Tikus itu cepat-cepat
ditangkapnya. Namun tikus itu lari ketakutan, lantas dikepung Dayuhan. Pas
tikus itu lari disela-sela batang bilaran, dapat ditangkap dengan mudah oleh
Dayuhan.
“ Nah, kamu tidak bisa bergerak
lagi, kalau-kalau nanti tubuh kamu kupegang,” ujar Dayuhan sambil memegang
tubuh tikus yang menggeliat ingin lepas.
Tak jauh dari Dayuhan
berada ada pohon pisang jaranang yang tali batangnya cukup
kokoh. Dayuhan mengambil tali dari batang pisang
jaranang itu untuk mengikat leher tikus. Uang tiga ringgit diberikan
Intingan untuk harga kerbau, diletakkan Dayuhan dibatang pohon pisang jaranang,
sambil berucap, “ Ini duitnya tiga ringgit harga kerbau saya beli lah.”
Lalu Dayuhan pulang ke
rumah mengirit tikus. Sesampai di rumah tali tikus diikatkan di ujung tangga
lalu dia memanggil :
“ Kak Intingan, ini
kerbaunya. Sudah kubeli tiga ringgit.”
Intingan dengan cepat
keluar dari dalam rumah.
“ Mana kerbaunya ?”
“ Turun dulu kamu.”
Intingan turun, namun
ia tidak melihat ada kerbau.
“ Mana kerbaunya ?”
Tanya Intingan.
“ Hati-hati Kak kalau
terinjak kerbaunya,” ujar Dayuhan.
“ Lihat, dekat kaki
kamu,” ujar Dayuhan.
Intingan memandang ke
bawah, ternyata tikus. Marah sekali ia kepada Dayuhan. Namun setelah itu ingat
akan adiknya yang tidak pintar itu, lalu dia diam saja.

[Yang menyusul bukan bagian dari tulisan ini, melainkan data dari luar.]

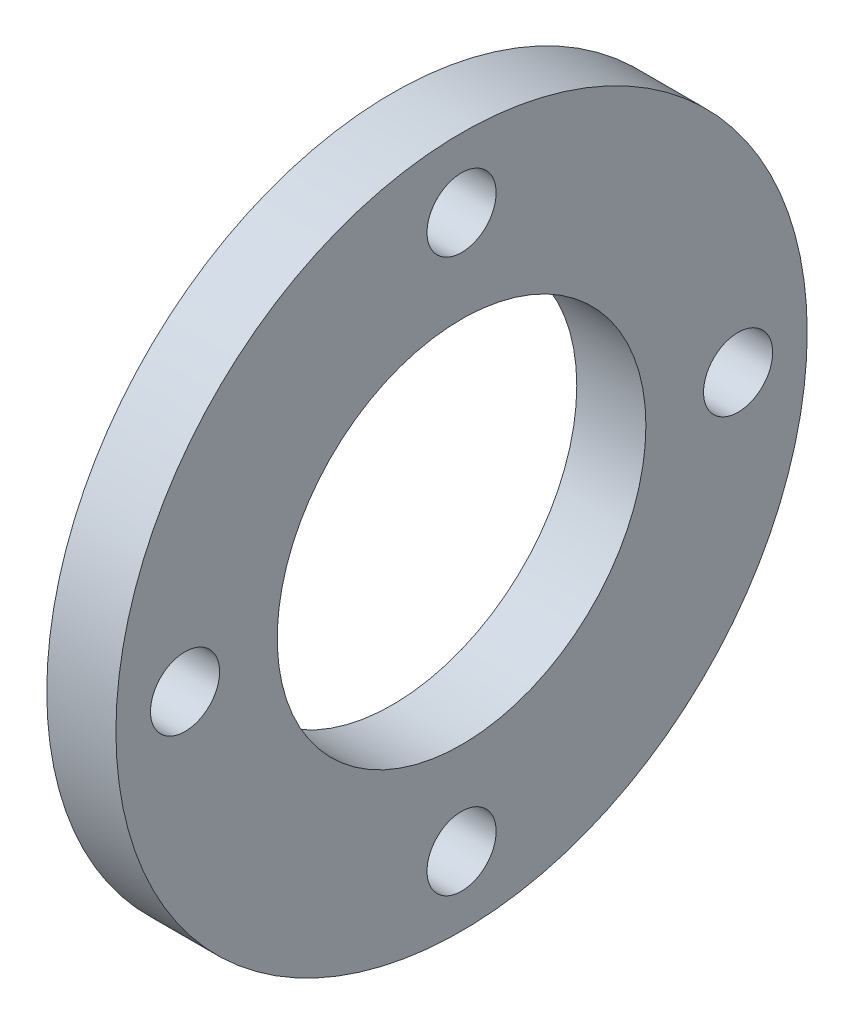
ISO-10303-21;
HEADER;
FILE_DESCRIPTION(('STEP AP214'),'2;1');
FILE_NAME('part.step','',(''),(''),'','','');
FILE_SCHEMA(('AUTOMOTIVE_DESIGN { 1 0 10303 214 1 1 1 1 }'));
ENDSEC;
DATA;
#1=APPLICATION_CONTEXT('core data for automotive mechanical design processes');
#2=APPLICATION_PROTOCOL_DEFINITION('international standard','automotive_design',2000,#1);
#3=PRODUCT_CONTEXT('',#1,'mechanical');
#4=PRODUCT('Part','Part','',(#3));
#5=PRODUCT_RELATED_PRODUCT_CATEGORY('part','',(#4));
#6=PRODUCT_DEFINITION_FORMATION('','',#4);
#7=PRODUCT_DEFINITION_CONTEXT('part definition',#1,'design');
#8=PRODUCT_DEFINITION('design','',#6,#7);
#9=PRODUCT_DEFINITION_SHAPE('','',#8);
#10=(LENGTH_UNIT() NAMED_UNIT(*) SI_UNIT(.MILLI.,.METRE.));
#11=(NAMED_UNIT(*) PLANE_ANGLE_UNIT() SI_UNIT($,.RADIAN.));
#12=(NAMED_UNIT(*) SI_UNIT($,.STERADIAN.) SOLID_ANGLE_UNIT());
#13=UNCERTAINTY_MEASURE_WITH_UNIT(LENGTH_MEASURE(1.E-05),#10,'distance_accuracy_value','');
#14=(GEOMETRIC_REPRESENTATION_CONTEXT(3) GLOBAL_UNCERTAINTY_ASSIGNED_CONTEXT((#13)) GLOBAL_UNIT_ASSIGNED_CONTEXT((#10,
#11,#12)) REPRESENTATION_CONTEXT('',''));
#15=CARTESIAN_POINT('',(0.,0.,0.));
#16=DIRECTION('',(0.,0.,1.));
#17=DIRECTION('',(1.,0.,0.));
#18=AXIS2_PLACEMENT_3D('',#15,#16,#17);
#19=CARTESIAN_POINT('',(3.,0.,0.));
#20=DIRECTION('',(1.,0.,0.));
#21=DIRECTION('',(0.,0.,-1.));
#22=AXIS2_PLACEMENT_3D('',#19,#20,#21);
#23=PLANE('',#22);
#24=CARTESIAN_POINT('',(3.,-12.,0.));
#25=DIRECTION('',(1.,0.,0.));
#26=DIRECTION('',(0.,0.,-1.));
#27=AXIS2_PLACEMENT_3D('',#24,#25,#26);
#28=CIRCLE('',#27,1.5);
#29=CARTESIAN_POINT('',(3.,-12.,-1.49999999999992));
#30=VERTEX_POINT('',#29);
#31=EDGE_CURVE('E65',#30,#30,#28,.T.);
#32=ORIENTED_EDGE('',*,*,#31,.F.);
#33=EDGE_LOOP('',(#32));
#34=FACE_BOUND('',#33,.T.);
#35=CARTESIAN_POINT('',(3.,12.,0.));
#36=DIRECTION('',(1.,0.,0.));
#37=DIRECTION('',(0.,0.,-1.));
#38=AXIS2_PLACEMENT_3D('',#35,#36,#37);
#39=CIRCLE('',#38,1.5);
#40=CARTESIAN_POINT('',(3.,12.,-1.5));
#41=VERTEX_POINT('',#40);
#42=EDGE_CURVE('E53',#41,#41,#39,.T.);
#43=ORIENTED_EDGE('',*,*,#42,.F.);
#44=EDGE_LOOP('',(#43));
#45=FACE_BOUND('',#44,.T.);
#46=CARTESIAN_POINT('',(3.,0.,0.));
#47=DIRECTION('',(1.,0.,0.));
#48=DIRECTION('',(0.,0.,-1.));
#49=AXIS2_PLACEMENT_3D('',#46,#47,#48);
#50=CIRCLE('',#49,15.);
#51=CARTESIAN_POINT('',(3.,0.,-15.));
#52=VERTEX_POINT('',#51);
#53=EDGE_CURVE('E10',#52,#52,#50,.T.);
#54=ORIENTED_EDGE('',*,*,#53,.T.);
#55=EDGE_LOOP('',(#54));
#56=FACE_BOUND('',#55,.T.);
#57=CARTESIAN_POINT('',(3.,0.,0.));
#58=DIRECTION('',(1.,0.,0.));
#59=DIRECTION('',(0.,0.,-1.));
#60=AXIS2_PLACEMENT_3D('',#57,#58,#59);
#61=CIRCLE('',#60,8.);
#62=CARTESIAN_POINT('',(3.,0.,-8.));
#63=VERTEX_POINT('',#62);
#64=EDGE_CURVE('E48',#63,#63,#61,.T.);
#65=ORIENTED_EDGE('',*,*,#64,.F.);
#66=EDGE_LOOP('',(#65));
#67=FACE_BOUND('',#66,.T.);
#68=CARTESIAN_POINT('',(3.,0.,-12.));
#69=DIRECTION('',(1.,0.,0.));
#70=DIRECTION('',(0.,0.,-1.));
#71=AXIS2_PLACEMENT_3D('',#68,#69,#70);
#72=CIRCLE('',#71,1.5);
#73=CARTESIAN_POINT('',(3.,0.,-13.5));
#74=VERTEX_POINT('',#73);
#75=EDGE_CURVE('E59',#74,#74,#72,.T.);
#76=ORIENTED_EDGE('',*,*,#75,.F.);
#77=EDGE_LOOP('',(#76));
#78=FACE_BOUND('',#77,.T.);
#79=CARTESIAN_POINT('',(3.,1.25693328198353E-13,12.));
#80=DIRECTION('',(1.,0.,0.));
#81=DIRECTION('',(0.,0.,-1.));
#82=AXIS2_PLACEMENT_3D('',#79,#80,#81);
#83=CIRCLE('',#82,1.5);
#84=CARTESIAN_POINT('',(3.,1.25693328198353E-13,10.5));
#85=VERTEX_POINT('',#84);
#86=EDGE_CURVE('E71',#85,#85,#83,.T.);
#87=ORIENTED_EDGE('',*,*,#86,.F.);
#88=EDGE_LOOP('',(#87));
#89=FACE_BOUND('',#88,.T.);
#90=ADVANCED_FACE('F37',(#34,#45,#56,#67,#78,#89),#23,.T.);
#91=CARTESIAN_POINT('',(0.,0.,0.));
#92=DIRECTION('',(1.,0.,0.));
#93=DIRECTION('',(0.,0.,-1.));
#94=AXIS2_PLACEMENT_3D('',#91,#92,#93);
#95=PLANE('',#94);
#96=CARTESIAN_POINT('',(0.,0.,0.));
#97=DIRECTION('',(1.,0.,0.));
#98=DIRECTION('',(0.,0.,-1.));
#99=AXIS2_PLACEMENT_3D('',#96,#97,#98);
#100=CIRCLE('',#99,15.);
#101=CARTESIAN_POINT('',(0.,0.,-15.));
#102=VERTEX_POINT('',#101);
#103=EDGE_CURVE('E41',#102,#102,#100,.T.);
#104=ORIENTED_EDGE('',*,*,#103,.F.);
#105=EDGE_LOOP('',(#104));
#106=FACE_BOUND('',#105,.T.);
#107=CARTESIAN_POINT('',(0.,0.,0.));
#108=DIRECTION('',(1.,0.,0.));
#109=DIRECTION('',(0.,0.,-1.));
#110=AXIS2_PLACEMENT_3D('',#107,#108,#109);
#111=CIRCLE('',#110,8.);
#112=CARTESIAN_POINT('',(0.,0.,-8.));
#113=VERTEX_POINT('',#112);
#114=EDGE_CURVE('E50',#113,#113,#111,.T.);
#115=ORIENTED_EDGE('',*,*,#114,.T.);
#116=EDGE_LOOP('',(#115));
#117=FACE_BOUND('',#116,.T.);
#118=CARTESIAN_POINT('',(0.,12.,0.));
#119=DIRECTION('',(1.,0.,0.));
#120=DIRECTION('',(0.,0.,-1.));
#121=AXIS2_PLACEMENT_3D('',#118,#119,#120);
#122=CIRCLE('',#121,1.5);
#123=CARTESIAN_POINT('',(0.,12.,-1.5));
#124=VERTEX_POINT('',#123);
#125=EDGE_CURVE('E56',#124,#124,#122,.T.);
#126=ORIENTED_EDGE('',*,*,#125,.T.);
#127=EDGE_LOOP('',(#126));
#128=FACE_BOUND('',#127,.T.);
#129=CARTESIAN_POINT('',(0.,0.,-12.));
#130=DIRECTION('',(1.,0.,0.));
#131=DIRECTION('',(0.,0.,-1.));
#132=AXIS2_PLACEMENT_3D('',#129,#130,#131);
#133=CIRCLE('',#132,1.5);
#134=CARTESIAN_POINT('',(0.,0.,-13.5));
#135=VERTEX_POINT('',#134);
#136=EDGE_CURVE('E62',#135,#135,#133,.T.);
#137=ORIENTED_EDGE('',*,*,#136,.T.);
#138=EDGE_LOOP('',(#137));
#139=FACE_BOUND('',#138,.T.);
#140=CARTESIAN_POINT('',(0.,-12.,0.));
#141=DIRECTION('',(1.,0.,0.));
#142=DIRECTION('',(0.,0.,-1.));
#143=AXIS2_PLACEMENT_3D('',#140,#141,#142);
#144=CIRCLE('',#143,1.5);
#145=CARTESIAN_POINT('',(0.,-12.,-1.49999999999992));
#146=VERTEX_POINT('',#145);
#147=EDGE_CURVE('E68',#146,#146,#144,.T.);
#148=ORIENTED_EDGE('',*,*,#147,.T.);
#149=EDGE_LOOP('',(#148));
#150=FACE_BOUND('',#149,.T.);
#151=CARTESIAN_POINT('',(0.,1.25693328198353E-13,12.));
#152=DIRECTION('',(1.,0.,0.));
#153=DIRECTION('',(0.,0.,-1.));
#154=AXIS2_PLACEMENT_3D('',#151,#152,#153);
#155=CIRCLE('',#154,1.5);
#156=CARTESIAN_POINT('',(0.,1.25693328198353E-13,10.5));
#157=VERTEX_POINT('',#156);
#158=EDGE_CURVE('E74',#157,#157,#155,.T.);
#159=ORIENTED_EDGE('',*,*,#158,.T.);
#160=EDGE_LOOP('',(#159));
#161=FACE_BOUND('',#160,.T.);
#162=ADVANCED_FACE('F84',(#106,#117,#128,#139,#150,#161),#95,.F.);
#163=CARTESIAN_POINT('',(3.,0.,0.));
#164=DIRECTION('',(-1.,0.,0.));
#165=DIRECTION('',(0.,0.,1.));
#166=AXIS2_PLACEMENT_3D('',#163,#164,#165);
#167=CYLINDRICAL_SURFACE('',#166,15.);
#168=ORIENTED_EDGE('',*,*,#53,.F.);
#169=EDGE_LOOP('',(#168));
#170=FACE_BOUND('',#169,.T.);
#171=ORIENTED_EDGE('',*,*,#103,.T.);
#172=EDGE_LOOP('',(#171));
#173=FACE_BOUND('',#172,.T.);
#174=ADVANCED_FACE('F39',(#170,#173),#167,.T.);
#175=CARTESIAN_POINT('',(3.,0.,0.));
#176=DIRECTION('',(-1.,0.,0.));
#177=DIRECTION('',(0.,0.,1.));
#178=AXIS2_PLACEMENT_3D('',#175,#176,#177);
#179=CYLINDRICAL_SURFACE('',#178,8.);
#180=ORIENTED_EDGE('',*,*,#64,.T.);
#181=EDGE_LOOP('',(#180));
#182=FACE_BOUND('',#181,.T.);
#183=ORIENTED_EDGE('',*,*,#114,.F.);
#184=EDGE_LOOP('',(#183));
#185=FACE_BOUND('',#184,.T.);
#186=ADVANCED_FACE('F94',(#182,#185),#179,.F.);
#187=CARTESIAN_POINT('',(3.,12.,0.));
#188=DIRECTION('',(-1.,0.,0.));
#189=DIRECTION('',(0.,0.,1.));
#190=AXIS2_PLACEMENT_3D('',#187,#188,#189);
#191=CYLINDRICAL_SURFACE('',#190,1.5);
#192=ORIENTED_EDGE('',*,*,#42,.T.);
#193=EDGE_LOOP('',(#192));
#194=FACE_BOUND('',#193,.T.);
#195=ORIENTED_EDGE('',*,*,#125,.F.);
#196=EDGE_LOOP('',(#195));
#197=FACE_BOUND('',#196,.T.);
#198=ADVANCED_FACE('F97',(#194,#197),#191,.F.);
#199=CARTESIAN_POINT('',(3.,0.,-12.));
#200=DIRECTION('',(-1.,0.,0.));
#201=DIRECTION('',(0.,0.,1.));
#202=AXIS2_PLACEMENT_3D('',#199,#200,#201);
#203=CYLINDRICAL_SURFACE('',#202,1.5);
#204=ORIENTED_EDGE('',*,*,#75,.T.);
#205=EDGE_LOOP('',(#204));
#206=FACE_BOUND('',#205,.T.);
#207=ORIENTED_EDGE('',*,*,#136,.F.);
#208=EDGE_LOOP('',(#207));
#209=FACE_BOUND('',#208,.T.);
#210=ADVANCED_FACE('F101',(#206,#209),#203,.F.);
#211=CARTESIAN_POINT('',(3.,-12.,0.));
#212=DIRECTION('',(-1.,0.,0.));
#213=DIRECTION('',(0.,0.,1.));
#214=AXIS2_PLACEMENT_3D('',#211,#212,#213);
#215=CYLINDRICAL_SURFACE('',#214,1.5);
#216=ORIENTED_EDGE('',*,*,#31,.T.);
#217=EDGE_LOOP('',(#216));
#218=FACE_BOUND('',#217,.T.);
#219=ORIENTED_EDGE('',*,*,#147,.F.);
#220=EDGE_LOOP('',(#219));
#221=FACE_BOUND('',#220,.T.);
#222=ADVANCED_FACE('F105',(#218,#221),#215,.F.);
#223=CARTESIAN_POINT('',(3.,1.25693328198353E-13,12.));
#224=DIRECTION('',(-1.,0.,0.));
#225=DIRECTION('',(0.,0.,1.));
#226=AXIS2_PLACEMENT_3D('',#223,#224,#225);
#227=CYLINDRICAL_SURFACE('',#226,1.5);
#228=ORIENTED_EDGE('',*,*,#86,.T.);
#229=EDGE_LOOP('',(#228));
#230=FACE_BOUND('',#229,.T.);
#231=ORIENTED_EDGE('',*,*,#158,.F.);
#232=EDGE_LOOP('',(#231));
#233=FACE_BOUND('',#232,.T.);
#234=ADVANCED_FACE('F80',(#230,#233),#227,.F.);
#235=CLOSED_SHELL('',(#90,#162,#174,#186,#198,#210,#222,#234));
#236=MANIFOLD_SOLID_BREP('B2',#235);
#237=ADVANCED_BREP_SHAPE_REPRESENTATION('',(#18,#236),#14);
#238=SHAPE_DEFINITION_REPRESENTATION(#9,#237);
ENDSEC;
END-ISO-10303-21;

“ Dayuhan, isi tajau yang kosong ini. Aku mau ke
pasar.”
Intingan pergi ke pasar
mencari kerbau. Seekor kerbau yang sedang besarnya dibelinya dengan harga tiga
ringgit. Kerbau itu lalu dibawa Intingan pulang ke rumah. Tali kerbau diikatkan
Intingan ke tiang tangga, lalu ia berteriak :
“ Oh Dayuhan ! Keluar
kamu ini kerbaunya.”
Dayuhan cepat keluar
melihat kerbau itu.
“ Duh besarnya kerbau,
tidak berani aku,” ujar Dayuhan yang cepat kembali masuk ke kamar ketakutan.
Intingan lalu memanggil
tetangga dekat rumah untuk menyembelih kerbau itu. Setelah disembelih lama
mereka membersihkan kerbau itu. Ada yang membersihkan perutnya, kulitnya,
memotong kakinya, membelah kepalanya, bermacam-macam yang mereka kerjakan.
“ Dayuhan kamu
berangkat undang warga kampung,” ujar Intingan menyuruh Dayuhan.
“ Siapa yang diundang
?” Tanya Dayuhan.
“ Tuan-tuan guru untuk
nantinya membaca do’a. Juga orang-orang di kampong sebelah.”
Dayuhan berangkat untuk
mengundang. Tapi dia pergi ke hutan kembali. Tidak ke kampung sebelah. Dayuhan
sampai ke tengah persawahan. Disana dilihatnya banyak burung putih. Burung
putih itu dikira Dayuhan tuan-tuan haji, karena bulunya putih semua.
“ Hai Patuan Haji. Kami
mengundang untuk selamatan seratus hari meninggalnya ibu saya,” ujar Dayuhan.
Burung yang banyak itu
berterbangan saat didekati Dayuhan.
“ Mereka tidak mau
diundang,” ujar Dayuhan.
Lalu dia berjalan
kembali. Lalu ia bertemu babi. Babi itu kakiny pendek, ekornya mencuir,
mulutnya luncur.
“ Oh Busu. Kami mau
mengundang acara selamatan.”
Namun babi itu tidak
menyahut, malah disodornya kaki Dayuhan sampai terjatuh. Setelah itu babi
tersebut lari masuk ke semak belukar.
“ Tidak mau pula
diundang,” ujar Dayuhan sambil mengusap kakinya yang luka bekas disodor babi.
Dayuhan melangkah
kembali, lalu bertemu pohon hambawang. Disana ada sarang lebah yang
hitam-hitam.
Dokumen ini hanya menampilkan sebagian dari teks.